We either seem to speed up the end with irrational social practices and technological carelessness (I think at the bitter end of Mihalis Kakogiannis’ comedy, The Day the Fish Came Out, in 1967, but also to the recent tragedy at Fukushima), or we have a terrible bad luck if we get on the orbit of an asteroid or a jet of gamma radiation coming out from a stellar explosion…
An American investor bought an abandoned warehouse for nuclear missiles in Kansas, to convert it into a 14-storey underground block, for survival in the case of various apocalyptic scenarios (varying from biological attacks, to solar disasters or geo-magnetic ones), only for the privileged who have at least one million dollars to buy half a storey… The vertical underground tube may host luxury flats, a school, library, hospital, cinema, pool or even a farm able to provide fresh food (fish and vegetables) on an unlimited time… As an irony, à la Delirious New York, such a conversion may actually turn soon into a new “social reactor” model, far from a luxurious spa for the paranoid communities with lots of money.
In the 75th issue of our publication, the “Another future” article grouped projects for a degree to the Birmingham School of Architecture, focused on the idea of prospecting the future, especially the unfavourable scenarios. The “Floating London – A Vertical City” project, for instance, speculated about the opportunity of an amphibian city, able to convert existing high buildings in the case of a catastrophic floods due to the greenhouse effect, in agricultural and urban megastructures, obviously sustainable ones.
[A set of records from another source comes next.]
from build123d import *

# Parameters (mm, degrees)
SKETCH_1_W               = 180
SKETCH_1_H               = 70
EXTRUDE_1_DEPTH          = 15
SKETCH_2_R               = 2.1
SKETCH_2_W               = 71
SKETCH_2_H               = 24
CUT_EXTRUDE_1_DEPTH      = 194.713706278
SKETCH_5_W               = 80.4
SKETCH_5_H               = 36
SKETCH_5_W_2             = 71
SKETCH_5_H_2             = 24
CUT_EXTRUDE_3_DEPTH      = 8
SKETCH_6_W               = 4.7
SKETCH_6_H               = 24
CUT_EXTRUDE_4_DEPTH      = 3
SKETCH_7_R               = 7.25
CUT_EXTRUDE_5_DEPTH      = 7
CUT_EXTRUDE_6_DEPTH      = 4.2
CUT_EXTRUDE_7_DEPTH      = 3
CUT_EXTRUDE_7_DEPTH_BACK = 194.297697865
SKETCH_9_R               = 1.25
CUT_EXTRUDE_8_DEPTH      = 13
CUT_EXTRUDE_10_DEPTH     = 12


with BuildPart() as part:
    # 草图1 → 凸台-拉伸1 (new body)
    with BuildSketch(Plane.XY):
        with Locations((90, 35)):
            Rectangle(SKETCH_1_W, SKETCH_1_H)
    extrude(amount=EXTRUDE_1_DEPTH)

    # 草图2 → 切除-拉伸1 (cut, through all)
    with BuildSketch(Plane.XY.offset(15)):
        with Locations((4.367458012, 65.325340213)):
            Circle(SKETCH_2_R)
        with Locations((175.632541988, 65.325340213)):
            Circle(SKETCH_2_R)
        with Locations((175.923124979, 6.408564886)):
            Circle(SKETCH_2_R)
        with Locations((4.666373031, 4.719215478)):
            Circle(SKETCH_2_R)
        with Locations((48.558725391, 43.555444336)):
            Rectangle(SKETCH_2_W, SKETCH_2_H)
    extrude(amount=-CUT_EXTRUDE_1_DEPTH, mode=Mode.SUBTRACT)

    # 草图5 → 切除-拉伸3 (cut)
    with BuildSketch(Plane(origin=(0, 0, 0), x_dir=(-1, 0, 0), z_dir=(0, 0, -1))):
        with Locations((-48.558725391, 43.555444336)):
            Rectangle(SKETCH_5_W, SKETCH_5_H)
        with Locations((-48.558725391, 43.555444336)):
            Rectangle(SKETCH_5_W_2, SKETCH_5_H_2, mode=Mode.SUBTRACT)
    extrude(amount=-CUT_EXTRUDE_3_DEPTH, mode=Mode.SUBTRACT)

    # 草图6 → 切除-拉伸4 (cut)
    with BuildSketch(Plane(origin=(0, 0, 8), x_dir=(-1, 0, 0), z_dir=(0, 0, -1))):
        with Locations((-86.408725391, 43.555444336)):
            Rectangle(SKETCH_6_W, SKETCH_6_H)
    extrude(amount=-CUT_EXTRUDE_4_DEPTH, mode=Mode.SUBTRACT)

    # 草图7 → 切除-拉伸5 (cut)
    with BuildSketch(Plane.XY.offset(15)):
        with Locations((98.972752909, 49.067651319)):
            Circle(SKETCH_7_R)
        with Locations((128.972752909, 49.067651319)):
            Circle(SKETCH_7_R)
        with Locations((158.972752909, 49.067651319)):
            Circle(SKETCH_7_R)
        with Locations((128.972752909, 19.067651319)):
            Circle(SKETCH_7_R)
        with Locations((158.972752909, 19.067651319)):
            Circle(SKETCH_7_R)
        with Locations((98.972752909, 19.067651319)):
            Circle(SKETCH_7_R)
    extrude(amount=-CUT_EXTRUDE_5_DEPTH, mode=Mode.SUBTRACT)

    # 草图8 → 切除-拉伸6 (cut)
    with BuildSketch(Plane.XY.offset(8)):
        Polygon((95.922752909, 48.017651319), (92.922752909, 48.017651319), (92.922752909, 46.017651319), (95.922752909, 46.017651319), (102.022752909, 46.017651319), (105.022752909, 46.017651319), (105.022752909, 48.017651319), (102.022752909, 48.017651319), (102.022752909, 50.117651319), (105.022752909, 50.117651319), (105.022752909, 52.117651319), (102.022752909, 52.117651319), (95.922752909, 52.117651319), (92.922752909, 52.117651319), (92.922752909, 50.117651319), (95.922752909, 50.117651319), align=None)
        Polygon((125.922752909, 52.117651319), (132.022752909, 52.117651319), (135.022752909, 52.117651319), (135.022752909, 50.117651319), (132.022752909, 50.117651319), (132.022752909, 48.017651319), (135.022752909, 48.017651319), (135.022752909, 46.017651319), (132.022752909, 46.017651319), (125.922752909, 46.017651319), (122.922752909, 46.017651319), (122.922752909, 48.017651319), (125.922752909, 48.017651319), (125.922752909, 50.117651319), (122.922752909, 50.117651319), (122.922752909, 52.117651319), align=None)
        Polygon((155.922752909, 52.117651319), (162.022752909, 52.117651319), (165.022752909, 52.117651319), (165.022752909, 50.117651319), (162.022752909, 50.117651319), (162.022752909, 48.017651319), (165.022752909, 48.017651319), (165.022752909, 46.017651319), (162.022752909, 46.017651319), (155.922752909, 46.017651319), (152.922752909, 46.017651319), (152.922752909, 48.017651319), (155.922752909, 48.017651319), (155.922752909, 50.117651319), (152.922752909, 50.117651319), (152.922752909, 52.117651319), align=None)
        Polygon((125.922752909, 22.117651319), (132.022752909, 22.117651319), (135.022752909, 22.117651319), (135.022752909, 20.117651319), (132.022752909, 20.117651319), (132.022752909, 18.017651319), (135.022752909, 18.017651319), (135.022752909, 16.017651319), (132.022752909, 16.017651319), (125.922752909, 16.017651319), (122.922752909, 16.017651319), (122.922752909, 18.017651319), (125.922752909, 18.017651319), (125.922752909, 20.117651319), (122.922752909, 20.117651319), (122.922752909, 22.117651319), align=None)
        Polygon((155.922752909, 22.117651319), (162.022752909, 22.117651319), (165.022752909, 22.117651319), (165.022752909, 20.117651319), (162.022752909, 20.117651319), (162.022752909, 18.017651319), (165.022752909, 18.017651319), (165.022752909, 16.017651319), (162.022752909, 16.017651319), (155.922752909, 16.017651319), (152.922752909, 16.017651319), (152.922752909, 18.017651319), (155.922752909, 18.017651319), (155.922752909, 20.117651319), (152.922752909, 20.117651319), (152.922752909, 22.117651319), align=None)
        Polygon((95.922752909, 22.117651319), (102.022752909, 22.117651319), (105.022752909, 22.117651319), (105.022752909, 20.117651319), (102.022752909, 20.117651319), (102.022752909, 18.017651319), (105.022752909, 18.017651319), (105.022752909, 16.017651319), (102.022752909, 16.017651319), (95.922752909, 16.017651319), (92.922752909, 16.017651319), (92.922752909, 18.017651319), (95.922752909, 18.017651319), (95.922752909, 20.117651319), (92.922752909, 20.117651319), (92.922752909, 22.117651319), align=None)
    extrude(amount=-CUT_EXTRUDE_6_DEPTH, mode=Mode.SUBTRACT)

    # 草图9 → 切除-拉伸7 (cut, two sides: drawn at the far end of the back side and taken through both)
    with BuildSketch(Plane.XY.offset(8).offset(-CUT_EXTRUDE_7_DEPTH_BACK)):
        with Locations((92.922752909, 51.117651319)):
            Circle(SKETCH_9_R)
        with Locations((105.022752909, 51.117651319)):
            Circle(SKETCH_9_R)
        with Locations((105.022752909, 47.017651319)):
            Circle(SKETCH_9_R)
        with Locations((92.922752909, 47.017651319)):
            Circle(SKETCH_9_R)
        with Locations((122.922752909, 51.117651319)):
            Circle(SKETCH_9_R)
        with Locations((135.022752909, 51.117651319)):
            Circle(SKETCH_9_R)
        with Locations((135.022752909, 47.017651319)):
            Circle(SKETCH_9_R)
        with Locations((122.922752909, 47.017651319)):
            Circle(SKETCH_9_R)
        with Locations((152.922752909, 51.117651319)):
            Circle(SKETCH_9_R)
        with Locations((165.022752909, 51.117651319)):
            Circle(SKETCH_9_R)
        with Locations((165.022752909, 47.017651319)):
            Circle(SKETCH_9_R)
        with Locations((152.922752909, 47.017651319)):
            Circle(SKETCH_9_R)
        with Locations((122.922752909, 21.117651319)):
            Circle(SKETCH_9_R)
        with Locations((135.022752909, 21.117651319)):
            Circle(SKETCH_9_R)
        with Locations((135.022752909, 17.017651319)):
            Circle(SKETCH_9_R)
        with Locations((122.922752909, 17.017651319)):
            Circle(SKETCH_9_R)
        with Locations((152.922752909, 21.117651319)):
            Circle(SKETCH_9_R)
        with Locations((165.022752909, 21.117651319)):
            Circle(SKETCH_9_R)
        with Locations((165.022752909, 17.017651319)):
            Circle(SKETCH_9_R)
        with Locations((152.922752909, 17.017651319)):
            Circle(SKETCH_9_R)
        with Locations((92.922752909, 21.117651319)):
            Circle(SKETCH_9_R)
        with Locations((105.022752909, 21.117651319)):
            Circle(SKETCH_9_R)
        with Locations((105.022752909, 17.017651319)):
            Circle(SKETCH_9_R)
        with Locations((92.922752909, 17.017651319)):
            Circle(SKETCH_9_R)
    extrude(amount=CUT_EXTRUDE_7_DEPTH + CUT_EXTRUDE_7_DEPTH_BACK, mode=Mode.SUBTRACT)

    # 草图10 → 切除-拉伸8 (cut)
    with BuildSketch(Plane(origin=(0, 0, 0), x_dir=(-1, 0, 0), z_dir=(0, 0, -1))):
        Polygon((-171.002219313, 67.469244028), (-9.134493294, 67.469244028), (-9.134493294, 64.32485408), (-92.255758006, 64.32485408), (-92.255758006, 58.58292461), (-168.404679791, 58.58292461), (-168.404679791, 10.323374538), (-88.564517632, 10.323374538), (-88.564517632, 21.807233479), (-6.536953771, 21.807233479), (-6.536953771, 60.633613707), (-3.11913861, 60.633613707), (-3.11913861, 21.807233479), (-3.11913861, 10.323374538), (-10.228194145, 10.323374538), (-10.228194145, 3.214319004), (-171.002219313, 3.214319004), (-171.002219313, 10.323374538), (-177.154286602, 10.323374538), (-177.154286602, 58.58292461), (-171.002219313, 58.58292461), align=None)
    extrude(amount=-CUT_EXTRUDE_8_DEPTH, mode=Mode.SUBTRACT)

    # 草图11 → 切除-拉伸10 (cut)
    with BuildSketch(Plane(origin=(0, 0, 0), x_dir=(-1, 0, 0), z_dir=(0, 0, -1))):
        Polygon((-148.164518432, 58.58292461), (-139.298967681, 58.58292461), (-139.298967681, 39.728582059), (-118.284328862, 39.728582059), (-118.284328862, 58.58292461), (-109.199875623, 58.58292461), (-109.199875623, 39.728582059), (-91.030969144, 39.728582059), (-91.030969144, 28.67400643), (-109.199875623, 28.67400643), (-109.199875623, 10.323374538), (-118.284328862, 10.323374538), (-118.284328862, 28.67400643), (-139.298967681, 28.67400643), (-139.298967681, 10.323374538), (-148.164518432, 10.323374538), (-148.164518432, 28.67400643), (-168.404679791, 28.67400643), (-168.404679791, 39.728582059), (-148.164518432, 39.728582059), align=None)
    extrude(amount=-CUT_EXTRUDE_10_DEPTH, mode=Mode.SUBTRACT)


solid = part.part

Another project, “Sarajevo: Situation Normal All Fouled Up” offered a viable model both for war and for peace, for a post-conflict ingenious survival in a well-defined context, recovering and recycling almost everything at hand, as in Mad Max or Waterworld…
I’m almost afraid to say that there is a good side in that collective and ancestral team to the cosmic extinction or to technological dystopia, which disregards borders or nations. This links to the positive impact of a new way of thinking life after a disaster which is not up to us, or to avoid, or at least postpone the catastrophe in the case of unreasonable actions we are responsible for. I would like to think that survival, in the case of disasters, will not be about only the gloomy view of the efficiency of martial law and new paramilitary and self-defensive sects which learn now to use a high-precision rifle and get Molotov cocktails for imaginary terrestrial or extra-terrestrial invasions. I can only feel comfort at the thought that the architecture schools in Chile know to make emergency architecture for everybody (#90), that someone from Arup invented photobioreactors (an article, right in this issue), and that next year, if we survive, we will be able to see them work at IBA Hamburg, right where a former air anti-defense bunker from the war (a historical monument) will be the typical model of conversion in an energy co-generated central based on top passive and active environmental technologies, to support a whole smart area and, I hope, an equally educated society.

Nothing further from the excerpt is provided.